- [EXERCISE PROMPT]: Give again, word for word, each line below starting at the one that contains "Gateway Out12/1 -> Scope3/2" and ending at the one that contains "packetiser0/3(valid_out) -> Gateway Out16/1".

- [RECORDS SHOWN]:
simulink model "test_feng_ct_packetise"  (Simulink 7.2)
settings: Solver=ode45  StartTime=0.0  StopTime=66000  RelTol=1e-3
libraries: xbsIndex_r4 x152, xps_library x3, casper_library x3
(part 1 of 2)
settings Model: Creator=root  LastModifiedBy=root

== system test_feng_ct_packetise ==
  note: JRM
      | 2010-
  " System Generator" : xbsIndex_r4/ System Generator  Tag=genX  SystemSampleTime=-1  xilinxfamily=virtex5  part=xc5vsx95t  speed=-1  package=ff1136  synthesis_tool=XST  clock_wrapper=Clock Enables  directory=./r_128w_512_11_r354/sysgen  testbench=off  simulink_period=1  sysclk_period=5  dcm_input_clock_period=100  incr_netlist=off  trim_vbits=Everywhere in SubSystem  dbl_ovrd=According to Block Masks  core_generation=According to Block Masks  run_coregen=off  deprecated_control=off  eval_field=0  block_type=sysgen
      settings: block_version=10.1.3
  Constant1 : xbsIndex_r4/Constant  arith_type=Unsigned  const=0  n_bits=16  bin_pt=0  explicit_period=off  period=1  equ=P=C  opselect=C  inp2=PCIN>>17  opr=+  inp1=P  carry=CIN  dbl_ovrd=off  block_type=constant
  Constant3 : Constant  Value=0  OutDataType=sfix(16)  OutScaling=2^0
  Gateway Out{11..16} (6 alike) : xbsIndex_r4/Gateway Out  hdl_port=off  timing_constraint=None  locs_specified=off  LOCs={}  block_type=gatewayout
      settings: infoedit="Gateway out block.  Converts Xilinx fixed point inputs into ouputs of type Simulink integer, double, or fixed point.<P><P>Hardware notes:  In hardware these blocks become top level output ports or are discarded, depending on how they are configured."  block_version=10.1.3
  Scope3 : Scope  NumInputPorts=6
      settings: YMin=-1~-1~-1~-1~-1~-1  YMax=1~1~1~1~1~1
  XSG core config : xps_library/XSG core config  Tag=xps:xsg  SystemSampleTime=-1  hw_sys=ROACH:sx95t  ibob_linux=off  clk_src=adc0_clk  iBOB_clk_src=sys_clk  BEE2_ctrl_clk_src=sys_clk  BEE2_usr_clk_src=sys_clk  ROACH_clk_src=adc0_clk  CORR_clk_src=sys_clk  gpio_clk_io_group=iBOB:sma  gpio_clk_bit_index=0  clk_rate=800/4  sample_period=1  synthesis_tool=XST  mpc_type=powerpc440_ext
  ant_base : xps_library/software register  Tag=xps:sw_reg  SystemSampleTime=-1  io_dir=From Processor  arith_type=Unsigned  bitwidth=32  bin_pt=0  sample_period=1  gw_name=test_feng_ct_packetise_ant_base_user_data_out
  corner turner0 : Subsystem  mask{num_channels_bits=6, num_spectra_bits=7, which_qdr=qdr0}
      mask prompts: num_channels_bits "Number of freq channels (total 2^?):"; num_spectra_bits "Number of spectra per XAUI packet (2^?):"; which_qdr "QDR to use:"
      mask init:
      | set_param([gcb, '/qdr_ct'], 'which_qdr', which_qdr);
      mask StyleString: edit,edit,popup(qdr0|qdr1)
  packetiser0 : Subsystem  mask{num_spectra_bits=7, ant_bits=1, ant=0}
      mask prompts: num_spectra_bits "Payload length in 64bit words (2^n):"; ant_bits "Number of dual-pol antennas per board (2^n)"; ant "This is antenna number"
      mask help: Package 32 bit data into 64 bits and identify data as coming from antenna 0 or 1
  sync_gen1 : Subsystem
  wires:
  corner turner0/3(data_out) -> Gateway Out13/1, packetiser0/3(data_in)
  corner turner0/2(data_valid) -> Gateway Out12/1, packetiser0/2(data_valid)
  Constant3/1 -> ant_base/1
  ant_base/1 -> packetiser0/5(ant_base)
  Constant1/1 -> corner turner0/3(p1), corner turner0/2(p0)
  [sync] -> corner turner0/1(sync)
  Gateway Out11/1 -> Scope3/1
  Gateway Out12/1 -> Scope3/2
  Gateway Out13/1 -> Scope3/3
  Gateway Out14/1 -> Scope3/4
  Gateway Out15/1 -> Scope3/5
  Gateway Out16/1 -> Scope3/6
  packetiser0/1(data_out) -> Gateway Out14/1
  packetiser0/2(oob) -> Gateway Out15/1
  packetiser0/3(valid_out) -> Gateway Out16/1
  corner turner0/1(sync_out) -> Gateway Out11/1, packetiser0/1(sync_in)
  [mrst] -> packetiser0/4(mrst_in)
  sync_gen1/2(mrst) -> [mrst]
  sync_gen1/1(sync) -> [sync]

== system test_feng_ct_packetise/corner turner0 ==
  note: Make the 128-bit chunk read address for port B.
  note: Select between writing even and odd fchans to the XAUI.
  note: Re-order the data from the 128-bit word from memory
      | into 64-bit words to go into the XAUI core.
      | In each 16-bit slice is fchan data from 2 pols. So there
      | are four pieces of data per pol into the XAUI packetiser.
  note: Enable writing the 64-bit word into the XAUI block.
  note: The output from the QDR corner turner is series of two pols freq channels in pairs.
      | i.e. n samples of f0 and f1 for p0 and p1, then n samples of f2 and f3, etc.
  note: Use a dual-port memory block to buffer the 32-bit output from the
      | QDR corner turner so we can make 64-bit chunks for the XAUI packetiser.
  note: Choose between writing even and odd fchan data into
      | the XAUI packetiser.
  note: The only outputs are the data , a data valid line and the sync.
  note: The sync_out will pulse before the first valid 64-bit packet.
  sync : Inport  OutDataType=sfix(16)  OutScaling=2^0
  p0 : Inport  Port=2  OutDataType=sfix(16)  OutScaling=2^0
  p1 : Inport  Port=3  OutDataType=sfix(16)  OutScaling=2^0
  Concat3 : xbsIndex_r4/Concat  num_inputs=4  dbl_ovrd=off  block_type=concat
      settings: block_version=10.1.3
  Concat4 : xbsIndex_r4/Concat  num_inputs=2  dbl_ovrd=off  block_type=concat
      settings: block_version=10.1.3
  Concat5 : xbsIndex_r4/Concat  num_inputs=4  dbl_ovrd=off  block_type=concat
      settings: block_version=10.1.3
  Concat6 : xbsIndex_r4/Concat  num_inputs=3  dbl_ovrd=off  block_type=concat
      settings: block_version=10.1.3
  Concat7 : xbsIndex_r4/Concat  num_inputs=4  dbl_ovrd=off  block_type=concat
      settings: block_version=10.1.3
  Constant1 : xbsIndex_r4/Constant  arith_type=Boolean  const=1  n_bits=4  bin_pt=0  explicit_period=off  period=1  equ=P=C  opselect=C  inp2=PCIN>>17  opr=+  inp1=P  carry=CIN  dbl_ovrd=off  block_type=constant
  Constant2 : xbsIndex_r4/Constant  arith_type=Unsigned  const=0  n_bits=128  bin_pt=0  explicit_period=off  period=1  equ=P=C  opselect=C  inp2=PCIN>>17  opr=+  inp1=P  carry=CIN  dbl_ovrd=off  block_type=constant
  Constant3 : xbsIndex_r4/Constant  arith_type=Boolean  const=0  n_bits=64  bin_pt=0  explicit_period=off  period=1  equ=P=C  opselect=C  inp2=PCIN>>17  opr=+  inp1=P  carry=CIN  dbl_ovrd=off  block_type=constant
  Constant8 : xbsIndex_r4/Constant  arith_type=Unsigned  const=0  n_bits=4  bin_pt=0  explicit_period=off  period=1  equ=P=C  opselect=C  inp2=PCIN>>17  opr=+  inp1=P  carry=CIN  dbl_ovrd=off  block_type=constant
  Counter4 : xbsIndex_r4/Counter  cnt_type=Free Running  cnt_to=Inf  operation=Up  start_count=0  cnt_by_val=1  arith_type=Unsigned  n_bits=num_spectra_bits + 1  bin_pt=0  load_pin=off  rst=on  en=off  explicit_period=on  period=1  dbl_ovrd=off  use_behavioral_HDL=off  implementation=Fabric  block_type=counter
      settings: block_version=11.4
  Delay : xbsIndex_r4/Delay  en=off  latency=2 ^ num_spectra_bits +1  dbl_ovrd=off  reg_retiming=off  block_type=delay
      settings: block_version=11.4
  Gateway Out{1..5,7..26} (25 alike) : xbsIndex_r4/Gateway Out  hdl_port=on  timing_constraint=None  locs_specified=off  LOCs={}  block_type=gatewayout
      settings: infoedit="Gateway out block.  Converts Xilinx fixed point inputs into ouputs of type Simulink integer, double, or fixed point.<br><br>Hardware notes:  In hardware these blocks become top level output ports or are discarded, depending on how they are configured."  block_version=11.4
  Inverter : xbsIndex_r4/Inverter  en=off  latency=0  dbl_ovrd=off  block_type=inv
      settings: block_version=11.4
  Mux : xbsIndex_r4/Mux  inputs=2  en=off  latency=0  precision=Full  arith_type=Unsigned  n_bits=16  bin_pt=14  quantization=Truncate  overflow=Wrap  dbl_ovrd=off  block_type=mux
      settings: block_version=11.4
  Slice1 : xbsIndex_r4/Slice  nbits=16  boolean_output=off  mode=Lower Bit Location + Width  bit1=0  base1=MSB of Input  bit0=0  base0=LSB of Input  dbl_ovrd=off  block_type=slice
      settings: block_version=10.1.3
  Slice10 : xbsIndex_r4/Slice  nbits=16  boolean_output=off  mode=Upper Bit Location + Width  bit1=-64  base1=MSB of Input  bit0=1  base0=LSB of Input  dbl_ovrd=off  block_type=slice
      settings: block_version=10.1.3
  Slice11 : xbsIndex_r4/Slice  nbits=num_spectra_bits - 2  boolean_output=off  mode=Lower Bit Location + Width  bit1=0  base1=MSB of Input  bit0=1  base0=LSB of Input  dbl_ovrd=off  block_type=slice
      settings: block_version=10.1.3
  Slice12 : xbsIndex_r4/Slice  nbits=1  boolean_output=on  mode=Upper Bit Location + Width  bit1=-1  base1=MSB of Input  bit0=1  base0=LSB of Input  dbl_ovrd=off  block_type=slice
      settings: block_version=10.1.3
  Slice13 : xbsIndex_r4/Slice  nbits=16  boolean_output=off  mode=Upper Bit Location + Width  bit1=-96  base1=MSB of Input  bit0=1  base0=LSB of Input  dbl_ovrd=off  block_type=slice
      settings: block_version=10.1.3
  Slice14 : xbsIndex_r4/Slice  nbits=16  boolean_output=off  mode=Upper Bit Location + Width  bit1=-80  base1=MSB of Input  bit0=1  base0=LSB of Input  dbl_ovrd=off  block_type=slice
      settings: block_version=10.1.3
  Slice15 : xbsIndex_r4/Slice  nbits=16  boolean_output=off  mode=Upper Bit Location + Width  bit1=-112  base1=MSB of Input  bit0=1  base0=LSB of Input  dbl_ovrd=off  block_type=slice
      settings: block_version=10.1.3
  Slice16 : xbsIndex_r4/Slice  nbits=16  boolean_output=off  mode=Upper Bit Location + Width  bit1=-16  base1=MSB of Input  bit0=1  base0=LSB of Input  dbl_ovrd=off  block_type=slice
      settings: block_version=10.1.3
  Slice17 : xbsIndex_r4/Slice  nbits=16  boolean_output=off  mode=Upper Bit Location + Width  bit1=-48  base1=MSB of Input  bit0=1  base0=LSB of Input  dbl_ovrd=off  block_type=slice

- [ANSWER SECTION]:
  Gateway Out12/1 -> Scope3/2
  Gateway Out13/1 -> Scope3/3
  Gateway Out14/1 -> Scope3/4
  Gateway Out15/1 -> Scope3/5
  Gateway Out16/1 -> Scope3/6
  packetiser0/1(data_out) -> Gateway Out14/1
  packetiser0/2(oob) -> Gateway Out15/1
  packetiser0/3(valid_out) -> Gateway Out16/1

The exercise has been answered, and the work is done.